[Task details] Quote exactly and only this range of lines in the data below: the line that holds "msp = doc.modelspace()" to the line that holds "h.dxf.hatch_style = 1", both included.

[Records provided]
________
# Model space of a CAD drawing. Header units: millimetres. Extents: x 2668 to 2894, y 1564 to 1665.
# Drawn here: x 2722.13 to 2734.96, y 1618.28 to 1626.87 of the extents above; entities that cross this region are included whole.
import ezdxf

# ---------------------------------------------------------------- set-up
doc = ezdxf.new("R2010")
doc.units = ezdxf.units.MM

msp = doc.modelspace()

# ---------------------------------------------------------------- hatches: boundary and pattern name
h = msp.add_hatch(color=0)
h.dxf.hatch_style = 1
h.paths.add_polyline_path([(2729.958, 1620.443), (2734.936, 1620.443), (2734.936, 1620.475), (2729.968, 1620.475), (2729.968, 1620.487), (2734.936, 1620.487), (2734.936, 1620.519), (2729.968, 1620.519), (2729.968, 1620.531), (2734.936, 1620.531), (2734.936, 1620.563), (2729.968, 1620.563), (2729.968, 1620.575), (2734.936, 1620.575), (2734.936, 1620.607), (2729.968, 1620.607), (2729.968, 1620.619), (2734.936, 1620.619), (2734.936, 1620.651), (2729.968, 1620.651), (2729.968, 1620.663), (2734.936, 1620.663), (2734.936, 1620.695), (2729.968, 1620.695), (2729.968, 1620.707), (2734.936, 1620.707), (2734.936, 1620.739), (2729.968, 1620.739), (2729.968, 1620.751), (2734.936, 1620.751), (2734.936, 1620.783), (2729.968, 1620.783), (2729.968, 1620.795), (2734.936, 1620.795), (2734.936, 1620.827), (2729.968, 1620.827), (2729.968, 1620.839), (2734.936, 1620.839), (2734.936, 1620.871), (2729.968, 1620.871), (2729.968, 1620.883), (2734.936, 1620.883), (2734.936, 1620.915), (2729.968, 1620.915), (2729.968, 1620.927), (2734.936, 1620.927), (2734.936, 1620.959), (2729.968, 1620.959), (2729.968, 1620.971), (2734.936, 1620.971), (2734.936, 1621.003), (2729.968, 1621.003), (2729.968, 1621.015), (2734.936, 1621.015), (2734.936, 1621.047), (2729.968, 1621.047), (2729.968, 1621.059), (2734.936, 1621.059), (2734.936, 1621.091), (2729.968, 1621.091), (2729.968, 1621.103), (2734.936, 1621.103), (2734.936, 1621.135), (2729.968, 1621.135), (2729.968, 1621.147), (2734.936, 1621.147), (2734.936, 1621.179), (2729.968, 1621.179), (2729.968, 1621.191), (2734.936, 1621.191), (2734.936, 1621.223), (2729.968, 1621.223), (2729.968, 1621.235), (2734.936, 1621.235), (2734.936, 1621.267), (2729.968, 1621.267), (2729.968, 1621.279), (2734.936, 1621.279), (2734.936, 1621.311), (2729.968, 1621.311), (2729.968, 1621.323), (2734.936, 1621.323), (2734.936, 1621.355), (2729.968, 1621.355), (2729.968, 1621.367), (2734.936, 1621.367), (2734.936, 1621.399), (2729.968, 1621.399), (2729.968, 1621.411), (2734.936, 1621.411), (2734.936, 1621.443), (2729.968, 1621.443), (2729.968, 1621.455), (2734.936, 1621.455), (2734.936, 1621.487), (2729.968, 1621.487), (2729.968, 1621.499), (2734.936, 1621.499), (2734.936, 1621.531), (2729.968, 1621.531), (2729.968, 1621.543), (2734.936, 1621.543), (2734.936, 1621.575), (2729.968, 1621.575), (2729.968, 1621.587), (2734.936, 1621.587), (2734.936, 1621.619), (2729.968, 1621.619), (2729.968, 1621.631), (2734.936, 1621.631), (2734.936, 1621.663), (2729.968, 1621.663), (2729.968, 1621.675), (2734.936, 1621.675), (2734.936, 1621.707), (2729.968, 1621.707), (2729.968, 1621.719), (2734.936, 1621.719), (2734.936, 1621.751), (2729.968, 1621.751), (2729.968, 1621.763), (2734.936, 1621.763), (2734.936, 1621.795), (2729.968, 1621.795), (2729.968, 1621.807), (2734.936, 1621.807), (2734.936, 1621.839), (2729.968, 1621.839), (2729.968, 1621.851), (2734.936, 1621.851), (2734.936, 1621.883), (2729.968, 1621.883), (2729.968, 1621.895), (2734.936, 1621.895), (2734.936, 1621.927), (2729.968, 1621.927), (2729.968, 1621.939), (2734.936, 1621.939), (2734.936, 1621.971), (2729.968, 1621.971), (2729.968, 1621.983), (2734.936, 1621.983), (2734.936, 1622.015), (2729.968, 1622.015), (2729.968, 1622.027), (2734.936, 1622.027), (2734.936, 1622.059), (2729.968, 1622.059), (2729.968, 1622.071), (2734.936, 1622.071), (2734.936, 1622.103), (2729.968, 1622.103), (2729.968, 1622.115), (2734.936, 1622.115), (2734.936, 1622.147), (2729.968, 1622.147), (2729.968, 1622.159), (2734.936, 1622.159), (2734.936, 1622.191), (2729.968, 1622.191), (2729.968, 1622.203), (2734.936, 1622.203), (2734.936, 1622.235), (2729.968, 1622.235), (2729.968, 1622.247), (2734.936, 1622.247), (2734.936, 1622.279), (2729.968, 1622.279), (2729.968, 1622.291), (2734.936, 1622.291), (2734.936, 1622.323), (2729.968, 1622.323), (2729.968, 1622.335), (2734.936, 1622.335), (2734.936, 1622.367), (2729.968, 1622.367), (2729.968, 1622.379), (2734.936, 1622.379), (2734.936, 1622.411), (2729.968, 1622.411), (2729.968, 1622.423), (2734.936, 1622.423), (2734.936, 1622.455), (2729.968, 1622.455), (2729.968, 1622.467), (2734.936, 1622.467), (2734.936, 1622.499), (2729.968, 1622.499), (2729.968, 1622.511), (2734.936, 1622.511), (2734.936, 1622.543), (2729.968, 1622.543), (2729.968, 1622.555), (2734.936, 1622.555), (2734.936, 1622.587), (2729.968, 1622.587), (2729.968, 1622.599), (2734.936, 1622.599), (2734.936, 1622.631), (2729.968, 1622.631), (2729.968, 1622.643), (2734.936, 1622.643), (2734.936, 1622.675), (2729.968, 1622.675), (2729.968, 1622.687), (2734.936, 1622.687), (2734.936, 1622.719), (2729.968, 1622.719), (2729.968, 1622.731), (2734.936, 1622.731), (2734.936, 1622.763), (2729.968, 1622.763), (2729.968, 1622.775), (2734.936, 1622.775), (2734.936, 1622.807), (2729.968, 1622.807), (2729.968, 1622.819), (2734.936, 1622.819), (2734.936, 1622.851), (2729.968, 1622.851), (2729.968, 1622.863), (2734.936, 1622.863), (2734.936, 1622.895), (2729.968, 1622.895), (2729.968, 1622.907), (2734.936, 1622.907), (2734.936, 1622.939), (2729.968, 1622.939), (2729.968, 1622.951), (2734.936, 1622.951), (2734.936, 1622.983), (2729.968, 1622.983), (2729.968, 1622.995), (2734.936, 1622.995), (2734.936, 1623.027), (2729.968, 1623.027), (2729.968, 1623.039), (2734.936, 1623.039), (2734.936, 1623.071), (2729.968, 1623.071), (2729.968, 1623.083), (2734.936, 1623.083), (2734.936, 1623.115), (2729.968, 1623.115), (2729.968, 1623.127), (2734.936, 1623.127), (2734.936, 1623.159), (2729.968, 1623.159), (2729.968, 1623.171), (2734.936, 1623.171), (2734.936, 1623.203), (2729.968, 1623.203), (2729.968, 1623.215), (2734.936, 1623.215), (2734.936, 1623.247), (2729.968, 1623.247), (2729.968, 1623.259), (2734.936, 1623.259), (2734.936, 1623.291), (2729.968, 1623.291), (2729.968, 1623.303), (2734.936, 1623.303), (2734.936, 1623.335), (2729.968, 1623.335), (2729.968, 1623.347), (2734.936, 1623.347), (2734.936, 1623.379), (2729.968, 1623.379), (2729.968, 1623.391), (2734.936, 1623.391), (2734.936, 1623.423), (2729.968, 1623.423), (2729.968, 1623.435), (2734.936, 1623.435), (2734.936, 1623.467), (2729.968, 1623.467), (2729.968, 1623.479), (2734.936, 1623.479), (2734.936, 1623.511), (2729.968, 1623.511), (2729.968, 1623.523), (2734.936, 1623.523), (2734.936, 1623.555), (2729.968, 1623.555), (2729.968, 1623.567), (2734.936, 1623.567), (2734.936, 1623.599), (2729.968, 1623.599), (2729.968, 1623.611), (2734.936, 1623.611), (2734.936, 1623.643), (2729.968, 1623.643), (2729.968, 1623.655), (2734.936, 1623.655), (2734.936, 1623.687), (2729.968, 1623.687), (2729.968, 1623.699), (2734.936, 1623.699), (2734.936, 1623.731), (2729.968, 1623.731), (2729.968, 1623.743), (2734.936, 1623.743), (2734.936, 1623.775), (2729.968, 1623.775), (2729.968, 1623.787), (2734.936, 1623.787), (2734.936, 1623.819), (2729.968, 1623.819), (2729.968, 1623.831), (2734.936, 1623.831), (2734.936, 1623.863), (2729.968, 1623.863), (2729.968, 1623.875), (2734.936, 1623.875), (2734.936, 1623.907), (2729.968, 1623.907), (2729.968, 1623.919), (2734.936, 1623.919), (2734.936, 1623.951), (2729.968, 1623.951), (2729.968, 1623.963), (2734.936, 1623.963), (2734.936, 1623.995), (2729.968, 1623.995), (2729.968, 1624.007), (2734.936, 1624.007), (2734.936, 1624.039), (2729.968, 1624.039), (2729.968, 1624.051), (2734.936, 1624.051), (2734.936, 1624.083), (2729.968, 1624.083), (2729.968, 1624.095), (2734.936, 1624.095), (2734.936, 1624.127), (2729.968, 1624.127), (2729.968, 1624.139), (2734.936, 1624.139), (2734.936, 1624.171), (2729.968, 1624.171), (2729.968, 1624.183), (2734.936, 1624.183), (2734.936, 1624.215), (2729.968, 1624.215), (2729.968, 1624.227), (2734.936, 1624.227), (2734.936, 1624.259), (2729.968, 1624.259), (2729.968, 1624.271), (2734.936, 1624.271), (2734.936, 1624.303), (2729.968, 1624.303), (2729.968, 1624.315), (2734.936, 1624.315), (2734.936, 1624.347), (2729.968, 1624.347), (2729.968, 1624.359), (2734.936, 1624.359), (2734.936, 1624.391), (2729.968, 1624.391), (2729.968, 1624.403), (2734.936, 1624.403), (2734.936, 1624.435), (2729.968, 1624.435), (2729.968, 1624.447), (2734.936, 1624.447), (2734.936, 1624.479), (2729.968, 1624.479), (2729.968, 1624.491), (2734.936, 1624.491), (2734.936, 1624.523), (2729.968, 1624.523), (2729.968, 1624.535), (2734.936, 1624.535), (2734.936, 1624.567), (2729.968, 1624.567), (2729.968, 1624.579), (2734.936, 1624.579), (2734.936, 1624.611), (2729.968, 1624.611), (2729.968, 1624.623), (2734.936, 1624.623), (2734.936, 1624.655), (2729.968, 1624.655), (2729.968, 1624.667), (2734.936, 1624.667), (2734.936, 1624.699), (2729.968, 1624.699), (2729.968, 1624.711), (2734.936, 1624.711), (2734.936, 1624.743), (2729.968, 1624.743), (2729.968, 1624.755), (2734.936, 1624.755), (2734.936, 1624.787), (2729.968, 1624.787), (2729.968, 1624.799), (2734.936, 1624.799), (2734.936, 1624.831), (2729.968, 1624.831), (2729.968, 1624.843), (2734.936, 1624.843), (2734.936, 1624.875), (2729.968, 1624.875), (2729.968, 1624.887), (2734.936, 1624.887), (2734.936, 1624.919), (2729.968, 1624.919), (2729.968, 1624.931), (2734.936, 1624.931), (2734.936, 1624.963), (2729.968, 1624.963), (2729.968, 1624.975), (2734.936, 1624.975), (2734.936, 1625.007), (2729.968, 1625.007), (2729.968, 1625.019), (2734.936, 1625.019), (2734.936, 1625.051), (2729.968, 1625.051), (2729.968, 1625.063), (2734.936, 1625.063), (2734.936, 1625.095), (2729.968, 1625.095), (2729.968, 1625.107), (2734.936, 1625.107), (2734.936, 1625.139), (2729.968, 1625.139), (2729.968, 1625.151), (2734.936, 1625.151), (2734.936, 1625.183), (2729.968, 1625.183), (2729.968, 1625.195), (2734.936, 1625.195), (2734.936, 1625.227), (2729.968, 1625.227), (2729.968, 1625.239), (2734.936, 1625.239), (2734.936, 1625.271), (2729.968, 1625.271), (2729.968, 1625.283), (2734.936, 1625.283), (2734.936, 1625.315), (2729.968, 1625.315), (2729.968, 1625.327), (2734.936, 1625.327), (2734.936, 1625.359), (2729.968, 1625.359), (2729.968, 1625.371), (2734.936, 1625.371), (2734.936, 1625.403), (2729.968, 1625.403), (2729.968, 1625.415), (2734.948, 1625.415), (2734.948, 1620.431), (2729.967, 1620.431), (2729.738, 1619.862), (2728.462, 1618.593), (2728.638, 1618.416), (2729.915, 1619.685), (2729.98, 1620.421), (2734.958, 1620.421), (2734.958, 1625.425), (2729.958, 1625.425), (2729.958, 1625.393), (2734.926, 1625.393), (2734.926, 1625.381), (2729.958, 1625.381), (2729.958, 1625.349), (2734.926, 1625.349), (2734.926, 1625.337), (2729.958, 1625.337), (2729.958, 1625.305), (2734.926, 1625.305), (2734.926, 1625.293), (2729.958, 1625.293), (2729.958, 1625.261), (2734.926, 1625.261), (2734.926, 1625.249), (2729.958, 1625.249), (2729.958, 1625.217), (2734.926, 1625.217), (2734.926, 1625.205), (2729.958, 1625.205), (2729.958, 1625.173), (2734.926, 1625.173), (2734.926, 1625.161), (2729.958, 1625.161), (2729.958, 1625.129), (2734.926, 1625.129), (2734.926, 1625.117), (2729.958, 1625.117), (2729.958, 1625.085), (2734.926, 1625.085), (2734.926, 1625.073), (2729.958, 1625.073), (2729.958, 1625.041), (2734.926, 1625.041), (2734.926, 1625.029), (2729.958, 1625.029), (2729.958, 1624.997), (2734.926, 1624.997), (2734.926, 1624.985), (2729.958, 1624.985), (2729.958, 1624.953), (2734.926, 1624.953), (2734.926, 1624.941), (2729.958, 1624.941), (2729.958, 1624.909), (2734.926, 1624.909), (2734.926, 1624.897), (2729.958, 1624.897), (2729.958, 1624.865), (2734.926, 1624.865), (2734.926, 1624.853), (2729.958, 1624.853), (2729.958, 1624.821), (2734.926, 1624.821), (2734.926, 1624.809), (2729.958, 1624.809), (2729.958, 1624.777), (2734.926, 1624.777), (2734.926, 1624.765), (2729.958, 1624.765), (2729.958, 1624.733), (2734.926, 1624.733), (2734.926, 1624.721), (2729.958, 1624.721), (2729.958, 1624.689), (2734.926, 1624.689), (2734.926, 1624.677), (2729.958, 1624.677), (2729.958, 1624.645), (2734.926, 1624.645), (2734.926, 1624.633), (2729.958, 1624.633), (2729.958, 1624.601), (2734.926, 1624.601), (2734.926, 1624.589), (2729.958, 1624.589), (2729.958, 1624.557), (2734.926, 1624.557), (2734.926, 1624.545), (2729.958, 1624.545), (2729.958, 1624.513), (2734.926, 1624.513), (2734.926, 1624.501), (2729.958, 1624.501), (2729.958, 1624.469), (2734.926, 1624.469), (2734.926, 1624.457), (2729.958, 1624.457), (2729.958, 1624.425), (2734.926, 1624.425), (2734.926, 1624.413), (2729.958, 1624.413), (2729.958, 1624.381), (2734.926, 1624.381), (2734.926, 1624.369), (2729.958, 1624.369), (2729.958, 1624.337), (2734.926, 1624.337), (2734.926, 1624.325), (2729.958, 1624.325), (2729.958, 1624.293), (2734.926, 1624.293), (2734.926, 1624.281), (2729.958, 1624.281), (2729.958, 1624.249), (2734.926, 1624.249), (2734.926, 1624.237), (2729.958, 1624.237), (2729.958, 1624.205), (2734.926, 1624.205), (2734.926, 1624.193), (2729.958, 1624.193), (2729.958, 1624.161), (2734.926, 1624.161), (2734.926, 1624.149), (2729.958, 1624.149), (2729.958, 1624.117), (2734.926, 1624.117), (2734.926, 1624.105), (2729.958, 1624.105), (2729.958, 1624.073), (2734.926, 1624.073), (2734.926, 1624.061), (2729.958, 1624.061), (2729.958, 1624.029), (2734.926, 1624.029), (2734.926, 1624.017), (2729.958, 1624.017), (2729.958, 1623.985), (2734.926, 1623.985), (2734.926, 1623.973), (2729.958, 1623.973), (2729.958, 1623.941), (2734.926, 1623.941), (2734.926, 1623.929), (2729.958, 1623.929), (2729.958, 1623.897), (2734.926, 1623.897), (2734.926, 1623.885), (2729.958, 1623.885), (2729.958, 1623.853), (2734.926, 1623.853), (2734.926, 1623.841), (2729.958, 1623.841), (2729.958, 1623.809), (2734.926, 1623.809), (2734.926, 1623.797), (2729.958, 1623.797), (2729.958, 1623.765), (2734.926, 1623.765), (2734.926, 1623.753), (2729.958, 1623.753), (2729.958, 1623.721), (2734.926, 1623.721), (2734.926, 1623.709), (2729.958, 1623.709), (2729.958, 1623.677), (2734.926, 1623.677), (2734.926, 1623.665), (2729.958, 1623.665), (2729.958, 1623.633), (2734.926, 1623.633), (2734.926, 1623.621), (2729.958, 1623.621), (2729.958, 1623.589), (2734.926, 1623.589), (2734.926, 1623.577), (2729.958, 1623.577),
________
[Task solution]
msp = doc.modelspace()

# ---------------------------------------------------------------- hatches: boundary and pattern name
h = msp.add_hatch(color=0)
h.dxf.hatch_style = 1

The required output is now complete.